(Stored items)
▬▬▬▬▬▬▬▬▬▬
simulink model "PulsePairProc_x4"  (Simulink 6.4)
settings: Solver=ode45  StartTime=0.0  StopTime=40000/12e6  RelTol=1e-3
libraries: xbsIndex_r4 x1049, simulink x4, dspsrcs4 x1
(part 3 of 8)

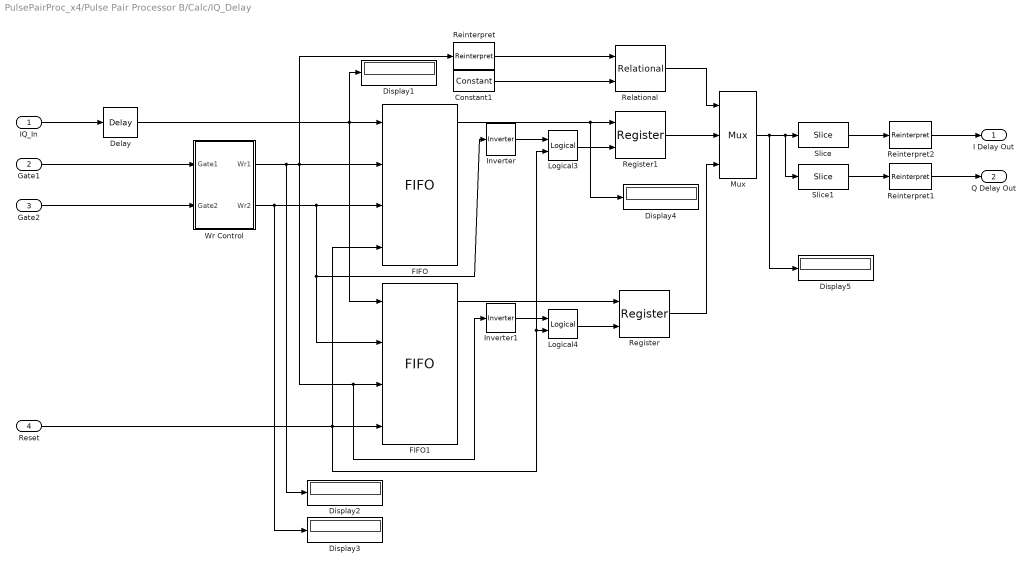
== system PulsePairProc_x4/Pulse Pair Processor B/Calc/IQ_Delay ==
  IQ_In : Inport
  Gate1 : Inport  Port=2
  Gate2 : Inport  Port=3
  Reset : Inport  Port=4
  Constant1 : xbsIndex_r4/Constant  arith_type=Unsigned  const=1  n_bits=1  bin_pt=0  explicit_period=off  period=1  equ=P=C  opselect=C  inp2=PCIN>>17  opr=+  inp1=P  carry=CIN  dbl_ovrd=off  block_type=constant
      settings: block_version=8.2
  Delay : xbsIndex_r4/Delay  en=off  latency=2  dbl_ovrd=off  reg_retiming=off  block_type=delay
      settings: infoedit=Hardware notes: A delay line is a chain, each link of which is an SRL16 followed by a flip-flop. If register retiming is enabled, the delay line is a chain of flip-flops.  block_version=8.2
  Display{1..5} (5 alike) : Display
  FIFO : xbsIndex_r4/FIFO  depth=1K  percent_nbits=1  rst=on  en=off  dbl_ovrd=off  mem_type=Block RAM  block_type=fifo
      settings: block_version=8.2
  FIFO1 : xbsIndex_r4/FIFO  depth=1K  percent_nbits=1  rst=on  en=off  dbl_ovrd=off  mem_type=Block RAM  block_type=fifo
      settings: block_version=8.2
  Inverter : xbsIndex_r4/Inverter  en=off  latency=1  dbl_ovrd=off  block_type=inv
      settings: block_version=8.2
  Inverter1 : xbsIndex_r4/Inverter  en=off  latency=1  dbl_ovrd=off  block_type=inv
      settings: block_version=8.2
  Logical3 : xbsIndex_r4/Logical  logical_function=OR  inputs=2  en=off  latency=0  precision=Full  arith_type=Unsigned  n_bits=16  bin_pt=0  align_bp=on  dbl_ovrd=off  block_type=logical
      settings: block_version=8.2
  Logical4 : xbsIndex_r4/Logical  logical_function=OR  inputs=2  en=off  latency=0  precision=Full  arith_type=Unsigned  n_bits=16  bin_pt=0  align_bp=on  dbl_ovrd=off  block_type=logical
      settings: block_version=8.2
  Mux : xbsIndex_r4/Mux  inputs=2  en=off  latency=0  precision=Full  arith_type=Unsigned  n_bits=16  bin_pt=14  quantization=Truncate  overflow=Wrap  dbl_ovrd=off  block_type=mux
      settings: block_version=8.2
  Register : xbsIndex_r4/Register  init=0  rst=on  en=off  dbl_ovrd=off  block_type=register
      settings: block_version=8.2
  Register1 : xbsIndex_r4/Register  init=0  rst=on  en=off  dbl_ovrd=off  block_type=register
      settings: block_version=8.2
  Reinterpret : xbsIndex_r4/Reinterpret  force_arith_type=on  arith_type=Unsigned  force_bin_pt=off  bin_pt=0  block_type=reinterpret
      settings: infoedit="Changes signal type without altering the binary representation.   You can changed the signal between signed and unsigned, and relocate the binary point.<P><P>Hardware notes: In hardware this block costs nothing.<P><P>Example:  Suppose the input is 6 bits wide, signed, with 2 fractional bits, and the output is forced to unsigned with 0 fractional bits.  Then an input of -2.0 (1110.00 in binary 2's complement) becomes an output of 56 (111000 in binary)."  block_version=8.2
  Reinterpret1 : xbsIndex_r4/Reinterpret  force_arith_type=on  arith_type="Signed  (2's comp)"  force_bin_pt=on  bin_pt=15  block_type=reinterpret
      settings: infoedit="Changes signal type without altering the binary representation.   You can changed the signal between signed and unsigned, and relocate the binary point.<P><P>Hardware notes: In hardware this block costs nothing.<P><P>Example:  Suppose the input is 6 bits wide, signed, with 2 fractional bits, and the output is forced to unsigned with 0 fractional bits.  Then an input of -2.0 (1110.00 in binary 2's complement) becomes an output of 56 (111000 in binary)."  block_version=8.2
  Reinterpret2 : xbsIndex_r4/Reinterpret  force_arith_type=on  arith_type="Signed  (2's comp)"  force_bin_pt=on  bin_pt=15  block_type=reinterpret
      settings: infoedit="Changes signal type without altering the binary representation.   You can changed the signal between signed and unsigned, and relocate the binary point.<P><P>Hardware notes: In hardware this block costs nothing.<P><P>Example:  Suppose the input is 6 bits wide, signed, with 2 fractional bits, and the output is forced to unsigned with 0 fractional bits.  Then an input of -2.0 (1110.00 in binary 2's complement) becomes an output of 56 (111000 in binary)."  block_version=8.2
  Relational : xbsIndex_r4/Relational  mode=a=b  en=off  latency=2  dbl_ovrd=off  block_type=relational
      settings: block_version=8.2
  Slice : xbsIndex_r4/Slice  nbits=16  boolean_output=off  mode=Upper Bit Location + Width  bit1=0  base1=MSB of Input  bit0=0  base0=LSB of Input  dbl_ovrd=off  block_type=slice
      settings: infoedit="Extracts a given range of bits from each input sample and presents it at the output.  The output type is ordinarily unsigned with binary point at zero, but can be Boolean when the slice is one bit wide.<P><P>Hardware notes: In hardware this block costs nothing."  block_version=8.2
  Slice1 : xbsIndex_r4/Slice  nbits=16  boolean_output=off  mode=Lower Bit Location + Width  bit1=0  base1=MSB of Input  bit0=0  base0=LSB of Input  dbl_ovrd=off  block_type=slice
      settings: infoedit="Extracts a given range of bits from each input sample and presents it at the output.  The output type is ordinarily unsigned with binary point at zero, but can be Boolean when the slice is one bit wide.<P><P>Hardware notes: In hardware this block costs nothing."  block_version=8.2
  Wr Control : Subsystem
  I Delay Out : Outport
  Q Delay Out : Outport  Port=2
  wires:
  IQ_In/1 -> Delay/1
  Reset/1 -> FIFO/4, FIFO1/4, Logical4/2, Logical3/2
  FIFO1/1 -> Register/1
  FIFO/1 -> Register1/1, Display4/1
  Register1/1 -> Mux/2
  Register/1 -> Mux/3
  Relational/1 -> Mux/1
  Constant1/1 -> Relational/2
  Reinterpret/1 -> Relational/1
  Delay/1 -> FIFO1/1, FIFO/1, Display1/1
  Logical3/1 -> Register1/2
  Logical4/1 -> Register/2
  Inverter1/1 -> Logical4/1
  Inverter/1 -> Logical3/1
  Mux/1 -> Slice/1, Slice1/1, Display5/1
  Slice/1 -> Reinterpret2/1
  Slice1/1 -> Reinterpret1/1
  Reinterpret1/1 -> Q Delay Out/1
  Reinterpret2/1 -> I Delay Out/1
  Wr Control/1(Wr1) -> FIFO/2, Reinterpret/1, FIFO1/3, Inverter1/1, Display2/1
  Wr Control/2(Wr2) -> FIFO/3, FIFO1/2, Inverter/1, Display3/1
  Gate1/1 -> Wr Control/1(Gate1)
  Gate2/1 -> Wr Control/2(Gate2)

== system PulsePairProc_x4/Pulse Pair Processor B/Calc/I^2+Q^2 ==
  I : Inport
  Q : Inport  Port=2
  AddSub : xbsIndex_r4/AddSub  mode=Addition  use_carryin=off  use_carryout=off  en=off  latency=1  precision=User Defined  arith_type=Unsigned  n_bits=32  bin_pt=32  quantization="Round  (unbiased: +/- Inf)"  overflow=Flag as error  dbl_ovrd=off  use_behavioral_HDL=off  pipelined=on  use_rpm=on  block_type=addsub
      settings: block_version=8.2
  Mult : xbsIndex_r4/Mult  precision=User Defined  arith_type=Unsigned  n_bits=32  bin_pt=32  quantization="Round  (unbiased: +/- Inf)"  overflow=Flag as error  en=off  latency=1  dbl_ovrd=off  use_behavioral_HDL=off  use_embedded=on  optimum_pipeline=off  use_rpm=on  placement_style=Rectangular shape  pipeline=on  block_type=mult
      settings: infoedit=Hardware notes: To use the internal pipeline stage of the dedicated multiplier you must select 'Pipeline for maximum performance'.  block_version=8.2
  Mult1 : xbsIndex_r4/Mult  precision=User Defined  arith_type=Unsigned  n_bits=32  bin_pt=32  quantization="Round  (unbiased: +/- Inf)"  overflow=Flag as error  en=off  latency=1  dbl_ovrd=off  use_behavioral_HDL=off  use_embedded=on  optimum_pipeline=off  use_rpm=on  placement_style=Rectangular shape  pipeline=on  block_type=mult
      settings: infoedit=Hardware notes: To use the internal pipeline stage of the dedicated multiplier you must select 'Pipeline for maximum performance'.  block_version=8.2
  P : Outport
  wires:
  Mult/1 -> AddSub/1
  Mult1/1 -> AddSub/2
  I/1 -> Mult/1, Mult/2
  Q/1 -> Mult1/1, Mult1/2
  AddSub/1 -> P/1

== system PulsePairProc_x4/Pulse Pair Processor B/Calc/Q*Id1-I*Qd1 ==
  Q : Inport
  I Delay 1 : Inport  Port=2
  I : Inport  Port=3
  Q Delay 1 : Inport  Port=4
  AddSub2 : xbsIndex_r4/AddSub  mode=Subtraction  use_carryin=off  use_carryout=off  en=off  latency=1  precision=User Defined  arith_type="Signed  (2's comp)"  n_bits=32  bin_pt=31  quantization="Round  (unbiased: +/- Inf)"  overflow=Flag as error  dbl_ovrd=off  use_behavioral_HDL=off  pipelined=on  use_rpm=on  block_type=addsub
      settings: block_version=8.2
  Mult4 : xbsIndex_r4/Mult  precision=User Defined  arith_type="Signed  (2's comp)"  n_bits=32  bin_pt=31  quantization="Round  (unbiased: +/- Inf)"  overflow=Saturate  en=off  latency=1  dbl_ovrd=off  use_behavioral_HDL=off  use_embedded=on  optimum_pipeline=off  use_rpm=on  placement_style=Rectangular shape  pipeline=on  block_type=mult
      settings: infoedit=Hardware notes: To use the internal pipeline stage of the dedicated multiplier you must select 'Pipeline for maximum performance'.  block_version=8.2
  Mult5 : xbsIndex_r4/Mult  precision=User Defined  arith_type="Signed  (2's comp)"  n_bits=32  bin_pt=31  quantization="Round  (unbiased: +/- Inf)"  overflow=Saturate  en=off  latency=1  dbl_ovrd=off  use_behavioral_HDL=off  use_embedded=on  optimum_pipeline=off  use_rpm=on  placement_style=Rectangular shape  pipeline=on  block_type=mult
      settings: infoedit=Hardware notes: To use the internal pipeline stage of the dedicated multiplier you must select 'Pipeline for maximum performance'.  block_version=8.2
  B : Outport
  wires:
  Mult4/1 -> AddSub2/1
  Mult5/1 -> AddSub2/2
  Q/1 -> Mult4/1
  I Delay 1/1 -> Mult4/2
  AddSub2/1 -> B/1
  I/1 -> Mult5/1
  Q Delay 1/1 -> Mult5/2

== system PulsePairProc_x4/Pulse Pair Processor B/Sum/A Avg ==
  A_Data_In : Inport
  M : Inport  Port=2
  N : Inport  Port=3
  Gate 1 : Inport  Port=4
  Gate 2 : Inport  Port=5
  Reset : Inport  Port=6
  Avg. A 1 : Subsystem
  Avg. A 2 : Subsystem
  A1 : Outport
  A2 : Outport  Port=2
  ABP G1 : Outport  Port=3
  ABP G2 : Outport  Port=4
  wires:
  A_Data_In/1 -> Avg. A 1/1(In), Avg. A 2/1(In)
  M/1 -> Avg. A 1/2(M), Avg. A 2/2(M)
  N/1 -> Avg. A 1/3(N), Avg. A 2/3(N)
  Avg. A 1/1(Out) -> A1/1
  Gate 1/1 -> Avg. A 1/4(Gate)
  Avg. A 2/1(Out) -> A2/1
  Gate 2/1 -> Avg. A 2/4(Gate)
  Avg. A 1/2(A,B,P Gate 1) -> ABP G1/1
  Avg. A 2/2(A,B,P Gate 1) -> ABP G2/1
  Reset/1 -> Avg. A 1/5(Reset), Avg. A 2/5(Reset)

== system PulsePairProc_x4/Pulse Pair Processor B/Sum/B Avg ==
  B_Data_In : Inport
  M : Inport  Port=2
  N : Inport  Port=3
  Gate 1 : Inport  Port=4
  Gate 2 : Inport  Port=5
  Reset : Inport  Port=6
  Avg. B 1 : Subsystem
  Avg. B 2 : Subsystem
  B1 : Outport
  B2 : Outport  Port=2
  wires:
  B_Data_In/1 -> Avg. B 1/1(In), Avg. B 2/1(In)
  M/1 -> Avg. B 1/2(M), Avg. B 2/2(M)
  N/1 -> Avg. B 1/3(N), Avg. B 2/3(N)
  Avg. B 1/1(Out) -> B1/1
  Gate 1/1 -> Avg. B 1/4(Gate)
  Avg. B 2/1(Out) -> B2/1
  Gate 2/1 -> Avg. B 2/4(Gate)
  Reset/1 -> Avg. B 1/5(Reset), Avg. B 2/5(Reset)

== system PulsePairProc_x4/Pulse Pair Processor B/Sum/Error Check ==
  Gate_1_In : Inport
  Gate_2_In : Inport  Port=2
  M_Reg : Inport  Port=3
  Counter : xbsIndex_r4/Counter  cnt_type=Free Running  cnt_to=Inf  operation=Up  start_count=0  cnt_by_val=1  arith_type=Unsigned  n_bits=10  bin_pt=0  load_pin=off  rst=on  en=on  explicit_period=on  period=1/12e6  dbl_ovrd=off  use_behavioral_HDL=off  use_rpm=off  block_type=counter
      settings: block_version=8.2
  Counter1 : xbsIndex_r4/Counter  cnt_type=Free Running  cnt_to=Inf  operation=Up  start_count=0  cnt_by_val=1  arith_type=Unsigned  n_bits=10  bin_pt=0  load_pin=off  rst=on  en=on  explicit_period=on  period=1/12e6  dbl_ovrd=off  use_behavioral_HDL=off  use_rpm=off  block_type=counter
      settings: block_version=8.2
  Delay{,1..3} (4 alike) : xbsIndex_r4/Delay  en=off  latency=1  dbl_ovrd=off  reg_retiming=off  block_type=delay
      settings: infoedit=Hardware notes: A delay line is a chain, each link of which is an SRL16 followed by a flip-flop. If register retiming is enabled, the delay line is a chain of flip-flops.  block_version=8.2
  Inverter : xbsIndex_r4/Inverter  en=off  latency=0  dbl_ovrd=off  block_type=inv
      settings: block_version=8.2
  Inverter1 : xbsIndex_r4/Inverter  en=off  latency=0  dbl_ovrd=off  block_type=inv
      settings: block_version=8.2
  Logical : xbsIndex_r4/Logical  logical_function=OR  inputs=2  en=off  latency=0  precision=Full  arith_type=Unsigned  n_bits=16  bin_pt=0  align_bp=on  dbl_ovrd=off  block_type=logical
      settings: block_version=8.2
  Register : xbsIndex_r4/Register  init=0  rst=off  en=on  dbl_ovrd=off  block_type=register
      settings: block_version=8.2
  Register1 : xbsIndex_r4/Register  init=0  rst=on  en=on  dbl_ovrd=off  block_type=register
      settings: block_version=8.2
  Register2 : xbsIndex_r4/Register  init=0  rst=off  en=on  dbl_ovrd=off  block_type=register
      settings: block_version=8.2
  Register3 : xbsIndex_r4/Register  init=0  rst=on  en=on  dbl_ovrd=off  block_type=register
      settings: block_version=8.2
  Relational : xbsIndex_r4/Relational  mode=a!=b  en=on  latency=1  dbl_ovrd=off  block_type=relational
      settings: block_version=8.2
  Relational1 : xbsIndex_r4/Relational  mode=a!=b  en=on  latency=1  dbl_ovrd=off  block_type=relational
      settings: block_version=8.2
  Sync Error : Outport
  wires:
  Inverter/1 -> Counter/1, Register/2, Delay/1, Register1/1
  Counter/1 -> Register/1
  Register/1 -> Relational/1
  Gate_1_In/1 -> Inverter/1, Counter/2, Delay1/1
  Delay/1 -> Register1/2
  Register1/1 -> Relational/3
  Delay1/1 -> Register1/3
  Inverter1/1 -> Counter1/1, Register2/2, Delay2/1, Register3/1
  Counter1/1 -> Register2/1
  Register2/1 -> Relational1/1
  Gate_2_In/1 -> Inverter1/1, Counter1/2, Delay3/1
  M_Reg/1 -> Relational1/2, Relational/2
  Delay2/1 -> Register3/2
  Register3/1 -> Relational1/3
  Delay3/1 -> Register3/3
  Relational/1 -> Logical/1
  Relational1/1 -> Logical/2
  Logical/1 -> Sync Error/1

== system PulsePairProc_x4/Pulse Pair Processor B/Sum/IQ Selector ==
  IQ Data : Inport
  IQ Gate 1 : Inport  Port=2
  IQ Gate 2 : Inport  Port=3
  IQ Index : Inport  Port=4
  IQ Length : Inport  Port=5
  Counter : xbsIndex_r4/Counter  cnt_type=Count Limited  cnt_to=1023  operation=Up  start_count=0  cnt_by_val=1  arith_type=Unsigned  n_bits=10  bin_pt=0  load_pin=off  rst=on  en=on  explicit_period=on  period=1/12e6  dbl_ovrd=off  use_behavioral_HDL=off  use_rpm=off  block_type=counter
      settings: block_version=8.2
  Counter1 : xbsIndex_r4/Counter  cnt_type=Count Limited  cnt_to=1023  operation=Up  start_count=0  cnt_by_val=1  arith_type=Unsigned  n_bits=10  bin_pt=0  load_pin=off  rst=on  en=on  explicit_period=on  period=1/12e6  dbl_ovrd=off  use_behavioral_HDL=off  use_rpm=off  block_type=counter
      settings: block_version=8.2
  Delay{,1..3} (4 alike) : xbsIndex_r4/Delay  en=off  latency=3  dbl_ovrd=off  reg_retiming=off  block_type=delay
      settings: infoedit=Hardware notes: A delay line is a chain, each link of which is an SRL16 followed by a flip-flop. If register retiming is enabled, the delay line is a chain of flip-flops.  block_version=8.2
  Inverter : xbsIndex_r4/Inverter  en=off  latency=0  dbl_ovrd=off  block_type=inv
      settings: block_version=8.2
  Inverter1 : xbsIndex_r4/Inverter  en=off  latency=0  dbl_ovrd=off  block_type=inv
      settings: block_version=8.2
  Inverter2 : xbsIndex_r4/Inverter  en=off  latency=0  dbl_ovrd=off  block_type=inv
      settings: block_version=8.2
  Inverter4 : xbsIndex_r4/Inverter  en=off  latency=1  dbl_ovrd=off  block_type=inv
      settings: block_version=8.2
  Logical{,1..3} (4 alike) : xbsIndex_r4/Logical  logical_function=OR  inputs=2  en=off  latency=0  precision=Full  arith_type=Unsigned  n_bits=16  bin_pt=0  align_bp=on  dbl_ovrd=off  block_type=logical
      settings: block_version=8.2
  Logical4 : xbsIndex_r4/Logical  logical_function=AND  inputs=2  en=off  latency=0  precision=Full  arith_type=Unsigned  n_bits=16  bin_pt=0  align_bp=on  dbl_ovrd=off  block_type=logical
      settings: block_version=8.2
  Logical5 : xbsIndex_r4/Logical  logical_function=AND  inputs=2  en=off  latency=0  precision=Full  arith_type=Unsigned  n_bits=16  bin_pt=0  align_bp=on  dbl_ovrd=off  block_type=logical
      settings: block_version=8.2
  Register1 : xbsIndex_r4/Register  init=0  rst=on  en=off  dbl_ovrd=off  block_type=register
      settings: block_version=8.2
  Relational : xbsIndex_r4/Relational  mode=a>b  en=on  latency=1  dbl_ovrd=off  block_type=relational
      settings: block_version=8.2
  Relational1 : xbsIndex_r4/Relational  mode=a<b  en=on  latency=1  dbl_ovrd=off  block_type=relational
      settings: block_version=8.2
  IQ Out : Outport
  IQ Gate 1 Out : Outport  Port=2
  IQ Gate 2 Out : Outport  Port=3
  wires:
  Counter/1 -> Relational/1
  IQ Index/1 -> Relational/2
  Inverter/1 -> Counter/1, Delay/1
  Inverter1/1 -> Counter1/1
  Relational/1 -> Inverter1/1, Counter1/2, Relational1/3
  Counter1/1 -> Relational1/1
  Relational1/1 -> Inverter2/1
  IQ Data/1 -> Register1/1
  Register1/1 -> Delay2/1
  Logical/1 -> Inverter/1, Counter/2, Relational/3
  IQ Gate 2/1 -> Logical/2, Logical5/2
  IQ Gate 1/1 -> Logical/1, Logical4/2
  Logical1/1 -> Register1/2, Inverter4/1
  Inverter2/1 -> Logical1/2
  Delay/1 -> Logical1/1
  IQ Length/1 -> Relational1/2
  Logical2/1 -> IQ Gate 1 Out/1
  Delay1/1 -> Logical2/1
  Delay2/1 -> IQ Out/1
  Inverter4/1 -> Logical4/1, Logical5/1
  Logical4/1 -> Delay1/1, Logical2/2
  Logical3/1 -> IQ Gate 2 Out/1
  Delay3/1 -> Logical3/1
  Logical5/1 -> Delay3/1, Logical3/2

== system PulsePairProc_x4/Pulse Pair Processor B/Sum/P Avg ==
  P_Data_In : Inport
  M : Inport  Port=2
  N : Inport  Port=3
  Gate 1 : Inport  Port=4
  Gate 2 : Inport  Port=5
  Reset : Inport  Port=6
  Avg. P 1 : Subsystem
  Avg. P 2 : Subsystem
  P1 : Outport
  P2 : Outport  Port=2
  wires:
  P_Data_In/1 -> Avg. P 1/1(In), Avg. P 2/1(In)
  M/1 -> Avg. P 1/2(M), Avg. P 2/2(M)
  N/1 -> Avg. P 1/3(N), Avg. P 2/3(N)
  Avg. P 1/1(Out) -> P1/1
  Gate 1/1 -> Avg. P 1/4(Gate)
  Avg. P 2/1(Out) -> P2/1
  Gate 2/1 -> Avg. P 2/4(Gate)
  Reset/1 -> Avg. P 1/5(Reset), Avg. P 2/5(Reset)

== system PulsePairProc_x4/Pulse Pair Processor C/Calc/I*Id1+Q*Qd1 ==
  I : Inport
  I Delay 1 : Inport  Port=2
  Q : Inport  Port=3
  Q Delay 1 : Inport  Port=4
  AddSub1 : xbsIndex_r4/AddSub  mode=Addition  use_carryin=off  use_carryout=off  en=off  latency=1  precision=User Defined  arith_type="Signed  (2's comp)"  n_bits=32  bin_pt=31  quantization="Round  (unbiased: +/- Inf)"  overflow=Flag as error  dbl_ovrd=off  use_behavioral_HDL=off  pipelined=on  use_rpm=on  block_type=addsub
      settings: block_version=8.2
  Mult2 : xbsIndex_r4/Mult  precision=User Defined  arith_type="Signed  (2's comp)"  n_bits=32  bin_pt=31  quantization="Round  (unbiased: +/- Inf)"  overflow=Saturate  en=off  latency=1  dbl_ovrd=off  use_behavioral_HDL=off  use_embedded=on  optimum_pipeline=off  use_rpm=on  placement_style=Rectangular shape  pipeline=on  block_type=mult
      settings: infoedit=Hardware notes: To use the internal pipeline stage of the dedicated multiplier you must select 'Pipeline for maximum performance'.  block_version=8.2
  Mult3 : xbsIndex_r4/Mult  precision=User Defined  arith_type="Signed  (2's comp)"  n_bits=32  bin_pt=31  quantization="Round  (unbiased: +/- Inf)"  overflow=Saturate  en=off  latency=1  dbl_ovrd=off  use_behavioral_HDL=off  use_embedded=on  optimum_pipeline=off  use_rpm=on  placement_style=Rectangular shape  pipeline=on  block_type=mult
      settings: infoedit=Hardware notes: To use the internal pipeline stage of the dedicated multiplier you must select 'Pipeline for maximum performance'.  block_version=8.2
  A : Outport
  wires:
  Mult2/1 -> AddSub1/1
  Mult3/1 -> AddSub1/2
  I/1 -> Mult2/1
  I Delay 1/1 -> Mult2/2
  AddSub1/1 -> A/1
  Q/1 -> Mult3/1
  Q Delay 1/1 -> Mult3/2

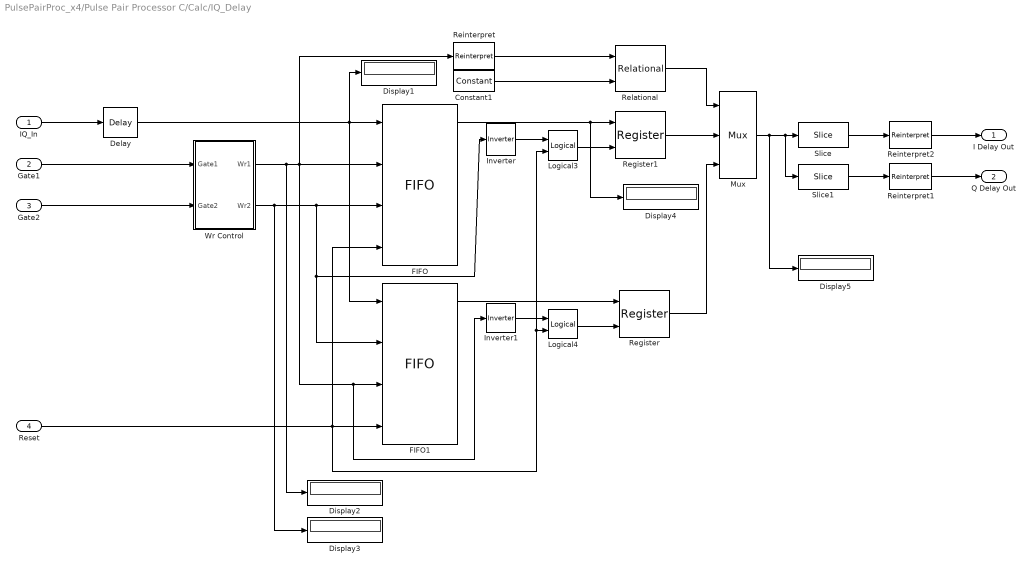
== system PulsePairProc_x4/Pulse Pair Processor C/Calc/IQ_Delay ==
  IQ_In : Inport
  Gate1 : Inport  Port=2
  Gate2 : Inport  Port=3
  Reset : Inport  Port=4
  Constant1 : xbsIndex_r4/Constant  arith_type=Unsigned  const=1  n_bits=1  bin_pt=0  explicit_period=off  period=1  equ=P=C  opselect=C  inp2=PCIN>>17  opr=+  inp1=P  carry=CIN  dbl_ovrd=off  block_type=constant
      settings: block_version=8.2
  Delay : xbsIndex_r4/Delay  en=off  latency=2  dbl_ovrd=off  reg_retiming=off  block_type=delay
      settings: infoedit=Hardware notes: A delay line is a chain, each link of which is an SRL16 followed by a flip-flop. If register retiming is enabled, the delay line is a chain of flip-flops.  block_version=8.2
  Display{1..5} (5 alike) : Display
  FIFO : xbsIndex_r4/FIFO  depth=1K  percent_nbits=1  rst=on  en=off  dbl_ovrd=off  mem_type=Block RAM  block_type=fifo
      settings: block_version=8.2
▬▬▬▬▬▬▬▬▬▬
What needs to be done:
An exact copy of the lines above between the line holding "Pair Processor B/Sum/A" and the line holding "Pair Processor B/Sum/Error", inclusive, is the whole answer.

Expected answer:
== system PulsePairProc_x4/Pulse Pair Processor B/Sum/A Avg ==
  A_Data_In : Inport
  M : Inport  Port=2
  N : Inport  Port=3
  Gate 1 : Inport  Port=4
  Gate 2 : Inport  Port=5
  Reset : Inport  Port=6
  Avg. A 1 : Subsystem
  Avg. A 2 : Subsystem
  A1 : Outport
  A2 : Outport  Port=2
  ABP G1 : Outport  Port=3
  ABP G2 : Outport  Port=4
  wires:
  A_Data_In/1 -> Avg. A 1/1(In), Avg. A 2/1(In)
  M/1 -> Avg. A 1/2(M), Avg. A 2/2(M)
  N/1 -> Avg. A 1/3(N), Avg. A 2/3(N)
  Avg. A 1/1(Out) -> A1/1
  Gate 1/1 -> Avg. A 1/4(Gate)
  Avg. A 2/1(Out) -> A2/1
  Gate 2/1 -> Avg. A 2/4(Gate)
  Avg. A 1/2(A,B,P Gate 1) -> ABP G1/1
  Avg. A 2/2(A,B,P Gate 1) -> ABP G2/1
  Reset/1 -> Avg. A 1/5(Reset), Avg. A 2/5(Reset)

== system PulsePairProc_x4/Pulse Pair Processor B/Sum/B Avg ==
  B_Data_In : Inport
  M : Inport  Port=2
  N : Inport  Port=3
  Gate 1 : Inport  Port=4
  Gate 2 : Inport  Port=5
  Reset : Inport  Port=6
  Avg. B 1 : Subsystem
  Avg. B 2 : Subsystem
  B1 : Outport
  B2 : Outport  Port=2
  wires:
  B_Data_In/1 -> Avg. B 1/1(In), Avg. B 2/1(In)
  M/1 -> Avg. B 1/2(M), Avg. B 2/2(M)
  N/1 -> Avg. B 1/3(N), Avg. B 2/3(N)
  Avg. B 1/1(Out) -> B1/1
  Gate 1/1 -> Avg. B 1/4(Gate)
  Avg. B 2/1(Out) -> B2/1
  Gate 2/1 -> Avg. B 2/4(Gate)
  Reset/1 -> Avg. B 1/5(Reset), Avg. B 2/5(Reset)

== system PulsePairProc_x4/Pulse Pair Processor B/Sum/Error Check ==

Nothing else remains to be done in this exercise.